▶ **Work instruction**
Begin at the line below that holds "Analog Input/1 -> Sum1/1" and end at the line that holds "Logical Operator1 : Logic", transcribing each line exactly and skipping any picture.

Records from a collection
= Beginning of Section =

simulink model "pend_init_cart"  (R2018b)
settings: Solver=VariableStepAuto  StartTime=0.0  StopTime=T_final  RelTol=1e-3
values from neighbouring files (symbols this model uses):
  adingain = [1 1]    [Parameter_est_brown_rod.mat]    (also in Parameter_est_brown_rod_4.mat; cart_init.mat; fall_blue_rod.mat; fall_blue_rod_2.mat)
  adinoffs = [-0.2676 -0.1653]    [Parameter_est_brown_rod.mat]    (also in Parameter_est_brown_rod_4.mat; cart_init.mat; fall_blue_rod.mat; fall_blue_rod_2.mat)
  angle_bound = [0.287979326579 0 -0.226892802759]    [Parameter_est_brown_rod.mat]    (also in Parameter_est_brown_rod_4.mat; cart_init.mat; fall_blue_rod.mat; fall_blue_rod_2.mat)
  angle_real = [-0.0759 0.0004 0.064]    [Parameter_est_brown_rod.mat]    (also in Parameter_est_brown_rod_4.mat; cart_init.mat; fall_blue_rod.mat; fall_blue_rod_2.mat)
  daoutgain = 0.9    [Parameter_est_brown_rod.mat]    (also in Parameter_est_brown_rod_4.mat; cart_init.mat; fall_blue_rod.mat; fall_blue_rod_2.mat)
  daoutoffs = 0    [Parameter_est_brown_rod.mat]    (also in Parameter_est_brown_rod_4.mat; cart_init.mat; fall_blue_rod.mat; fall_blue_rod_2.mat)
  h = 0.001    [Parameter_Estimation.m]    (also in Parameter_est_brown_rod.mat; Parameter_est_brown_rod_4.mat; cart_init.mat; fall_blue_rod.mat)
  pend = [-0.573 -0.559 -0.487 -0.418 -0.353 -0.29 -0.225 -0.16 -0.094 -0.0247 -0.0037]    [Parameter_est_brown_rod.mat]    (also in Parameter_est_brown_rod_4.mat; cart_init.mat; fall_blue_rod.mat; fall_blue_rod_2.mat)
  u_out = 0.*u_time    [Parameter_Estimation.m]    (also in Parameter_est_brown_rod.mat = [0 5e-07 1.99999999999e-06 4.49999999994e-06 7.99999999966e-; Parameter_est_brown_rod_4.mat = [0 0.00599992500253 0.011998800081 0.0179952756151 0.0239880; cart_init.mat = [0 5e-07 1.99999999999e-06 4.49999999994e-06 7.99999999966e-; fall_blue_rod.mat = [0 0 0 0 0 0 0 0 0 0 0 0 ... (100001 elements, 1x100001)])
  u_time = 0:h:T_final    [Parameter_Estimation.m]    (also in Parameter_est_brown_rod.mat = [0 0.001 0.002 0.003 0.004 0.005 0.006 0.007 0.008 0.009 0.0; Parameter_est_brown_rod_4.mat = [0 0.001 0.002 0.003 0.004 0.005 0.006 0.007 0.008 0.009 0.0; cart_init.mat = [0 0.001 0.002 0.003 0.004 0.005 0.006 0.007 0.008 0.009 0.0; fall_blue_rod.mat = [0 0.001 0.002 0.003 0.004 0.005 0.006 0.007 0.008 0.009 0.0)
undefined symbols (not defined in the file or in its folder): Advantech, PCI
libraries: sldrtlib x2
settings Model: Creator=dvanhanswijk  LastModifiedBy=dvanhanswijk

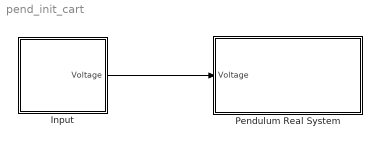
== system pend_init_cart ==
  "Input " : Subsystem
  "Pendulum Real System " : Subsystem
  wires:
  "Input "/1(Voltage) -> "Pendulum Real System "/1(Voltage)

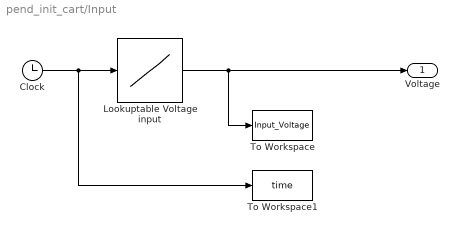
== system pend_init_cart/Input  ==
  Clock : Clock
  Lookuptable Voltage input : Lookup_n-D  NumberOfTableDimensions=1  BreakpointsForDimension1=u_time  Table=u_out  InternalRulePriority=Speed  RndMeth=Simplest  InputSameDT=on
  To Workspace : ToWorkspace  VariableName=Input_Voltage  SaveFormat=Timeseries  SampleTime=-1
  To Workspace1 : ToWorkspace  VariableName=time  SaveFormat=Timeseries  SampleTime=-1
  Voltage : Outport
  wires:
  Lookuptable Voltage input/1 -> To Workspace/1, Voltage/1
  Clock/1 -> Lookuptable Voltage input/1, To Workspace1/1

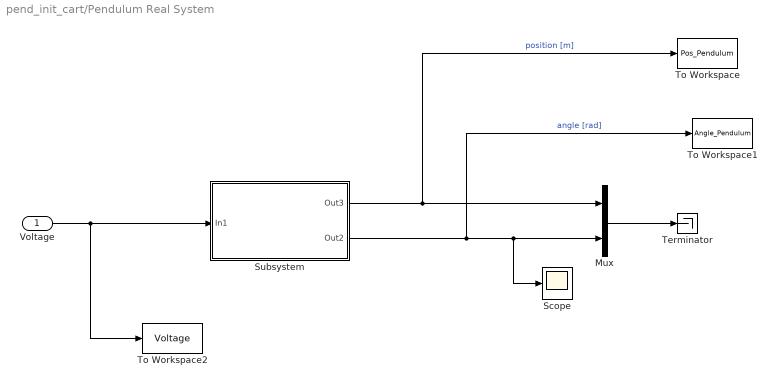
== system pend_init_cart/Pendulum Real System  ==
  Voltage : Inport
  Mux : Mux  Inputs=2
  Scope : Scope
  Subsystem : Subsystem  InitFcn=hwinit  StartFcn=hwinit  mask{h=h}
      mask prompts: h "Sample time"
      mask init:
      | hwinit
      mask Display: disp('Pendulum');
  Terminator : Terminator
  To Workspace : ToWorkspace  VariableName=Pos_Pendulum  SaveFormat=Timeseries  SampleTime=-1
  To Workspace1 : ToWorkspace  VariableName=Angle_Pendulum  SaveFormat=Timeseries  SampleTime=-1
  To Workspace2 : ToWorkspace  VariableName=Voltage  SaveFormat=Timeseries  SampleTime=-1
  wires:
  Mux/1 -> Terminator/1
  Subsystem/2(Out2) -> To Workspace1/1, Scope/1, Mux/2  "angle [rad]"
  Subsystem/1(Out3) -> To Workspace/1, Mux/1  "position [m]"
  Voltage/1 -> Subsystem/1(In1), To Workspace2/1

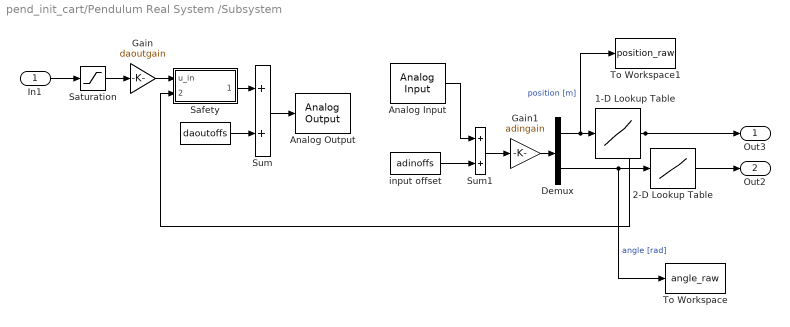
== system pend_init_cart/Pendulum Real System /Subsystem ==
  In1 : Inport
  " " : Constant  Value=daoutoffs
  1-D Lookup Table : Lookup_n-D  NumberOfTableDimensions=1  BreakpointsForDimension1=pend  Table=real  InternalRulePriority=Speed  RndMeth=Simplest  InputSameDT=on
  2-D Lookup Table : Lookup_n-D  NumberOfTableDimensions=1  BreakpointsForDimension1=angle_real  BreakpointsForDimension2=[1:3]  Table=angle_bound  InternalRulePriority=Speed  RndMeth=Simplest  InputSameDT=on
  Analog Input : sldrtlib/Analog Input  SampleTime=h  MaxMissedTicks=ticklost  ShowMissedTicks=off  YieldWhenWaiting=on  DrvName=Advantech/PCI-1711  DrvAddress=4294967295  DrvOptions=zeros(1,0)  Channels=adinchannels  RangeMode=2  VoltRange=1  DataType=1
      settings: AttributesFormatString=Advantech\nPCI-1711 [auto]  SourceProductName=Simulink Desktop Real-Time
  Analog Output : sldrtlib/Analog Output  SampleTime=h  MaxMissedTicks=ticklost  ShowMissedTicks=off  YieldWhenWaiting=off  DrvName=Advantech/PCI-1711  DrvAddress=4294967295  DrvOptions=zeros(1,0)  Channels=daoutchannels  RangeMode=2  VoltRange=2  InitialValue=0  FinalValue=0
      settings: AttributesFormatString=Advantech\nPCI-1711 [auto]  SourceProductName=Simulink Desktop Real-Time
  Demux : Demux  Outputs=2
  Gain : Gain  Gain=daoutgain  SaturateOnIntegerOverflow=on  OutDataTypeStr=Inherit: Same as input  ParamDataTypeStr=Inherit: Same as input
  Gain1 : Gain  Gain=adingain  SaturateOnIntegerOverflow=on  OutDataTypeStr=Inherit: Same as input  ParamDataTypeStr=Inherit: Same as input
  Safety : Subsystem
      mask help: The output of the block is restricted to prevent damage to the system. If the cart reaches some safety margins (left: -0.26 and right: 0.26), the output of the block is nullifed. Then the control has to be restarted.
      mask Display: disp('Safety \n margins')
  Saturation : Saturate  UpperLimit=1  LowerLimit=-1
  Sum : Sum  SaturateOnIntegerOverflow=on  OutDataTypeStr=Inherit: Same as first input
  Sum1 : Sum  SaturateOnIntegerOverflow=on  InputSameDT=on  OutDataTypeStr=Inherit: Same as first input
  To Workspace : ToWorkspace  VariableName=angle_raw  SaveFormat=Timeseries  SampleTime=-1
  To Workspace1 : ToWorkspace  VariableName=position_raw  SaveFormat=Timeseries  SampleTime=-1
  input offset : Constant  Value=adinoffs
  Out3 : Outport
  Out2 : Outport  Port=2
  wires:
  2-D Lookup Table/1 -> Out2/1
  1-D Lookup Table/1 -> Out3/1, Safety/2(Position)
  Demux/1 -> 1-D Lookup Table/1, To Workspace1/1  "position [m]"
  Gain/1 -> Safety/1(u_in)
  Safety/1(u_out) -> Sum/1
  Demux/2 -> To Workspace/1, 2-D Lookup Table/1  "angle [rad]"
  In1/1 -> Saturation/1
  " "/1 -> Sum/2
  Sum/1 -> Analog Output/1
  Saturation/1 -> Gain/1
  Gain1/1 -> Demux/1
  Analog Input/1 -> Sum1/1
  input offset/1 -> Sum1/2
  Sum1/1 -> Gain1/1

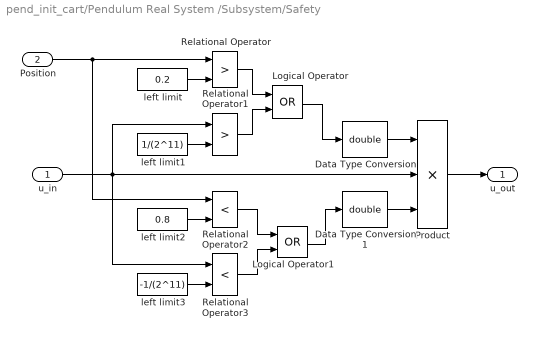
== system pend_init_cart/Pendulum Real System /Subsystem/Safety ==
  u_in : Inport
  Position : Inport  Port=2
  Data Type Conversion : DataTypeConversion  OutDataTypeStr=double
  Data Type Conversion1 : DataTypeConversion  OutDataTypeStr=double
  Logical Operator : Logic  Operator=OR  OutDataTypeStr=boolean
  Logical Operator1 : Logic  Operator=OR  OutDataTypeStr=boolean
  Product : Product  Inputs=3  SaturateOnIntegerOverflow=on  InputSameDT=on  OutDataTypeStr=Inherit: Same as first input
  Relational Operator : RelationalOperator  Operator=>  OutDataTypeStr=boolean  RndMeth=Nearest  InputSameDT=on
  Relational Operator1 : RelationalOperator  Operator=>  OutDataTypeStr=boolean  RndMeth=Nearest  InputSameDT=on
  Relational Operator2 : RelationalOperator  Operator=<  OutDataTypeStr=boolean  RndMeth=Nearest  InputSameDT=on
  Relational Operator3 : RelationalOperator  Operator=<  OutDataTypeStr=boolean  RndMeth=Nearest  InputSameDT=on
  left limit : Constant  Value=0.2
  left limit1 : Constant  Value=1/(2^11)
  left limit2 : Constant  Value=0.8
  left limit3 : Constant  Value=-1/(2^11)
  u_out : Outport
  wires:
  Data Type Conversion1/1 -> Product/3
  Data Type Conversion/1 -> Product/1
  Product/1 -> u_out/1
  Relational Operator3/1 -> Logical Operator1/2
  left limit3/1 -> Relational Operator3/2
  Relational Operator2/1 -> Logical Operator1/1
  left limit2/1 -> Relational Operator2/2
  Position/1 -> Relational Operator2/1, Relational Operator/1
  Relational Operator1/1 -> Logical Operator/2
  Relational Operator/1 -> Logical Operator/1
  left limit/1 -> Relational Operator/2
  Logical Operator/1 -> Data Type Conversion/1
  Logical Operator1/1 -> Data Type Conversion1/1
  u_in/1 -> Product/2, Relational Operator3/1, Relational Operator1/1
  left limit1/1 -> Relational Operator1/2

= End of Section =

▶ **Expected answer**
  Analog Input/1 -> Sum1/1
  input offset/1 -> Sum1/2
  Sum1/1 -> Gain1/1

== system pend_init_cart/Pendulum Real System /Subsystem/Safety ==
  u_in : Inport
  Position : Inport  Port=2
  Data Type Conversion : DataTypeConversion  OutDataTypeStr=double
  Data Type Conversion1 : DataTypeConversion  OutDataTypeStr=double
  Logical Operator : Logic  Operator=OR  OutDataTypeStr=boolean
  Logical Operator1 : Logic  Operator=OR  OutDataTypeStr=boolean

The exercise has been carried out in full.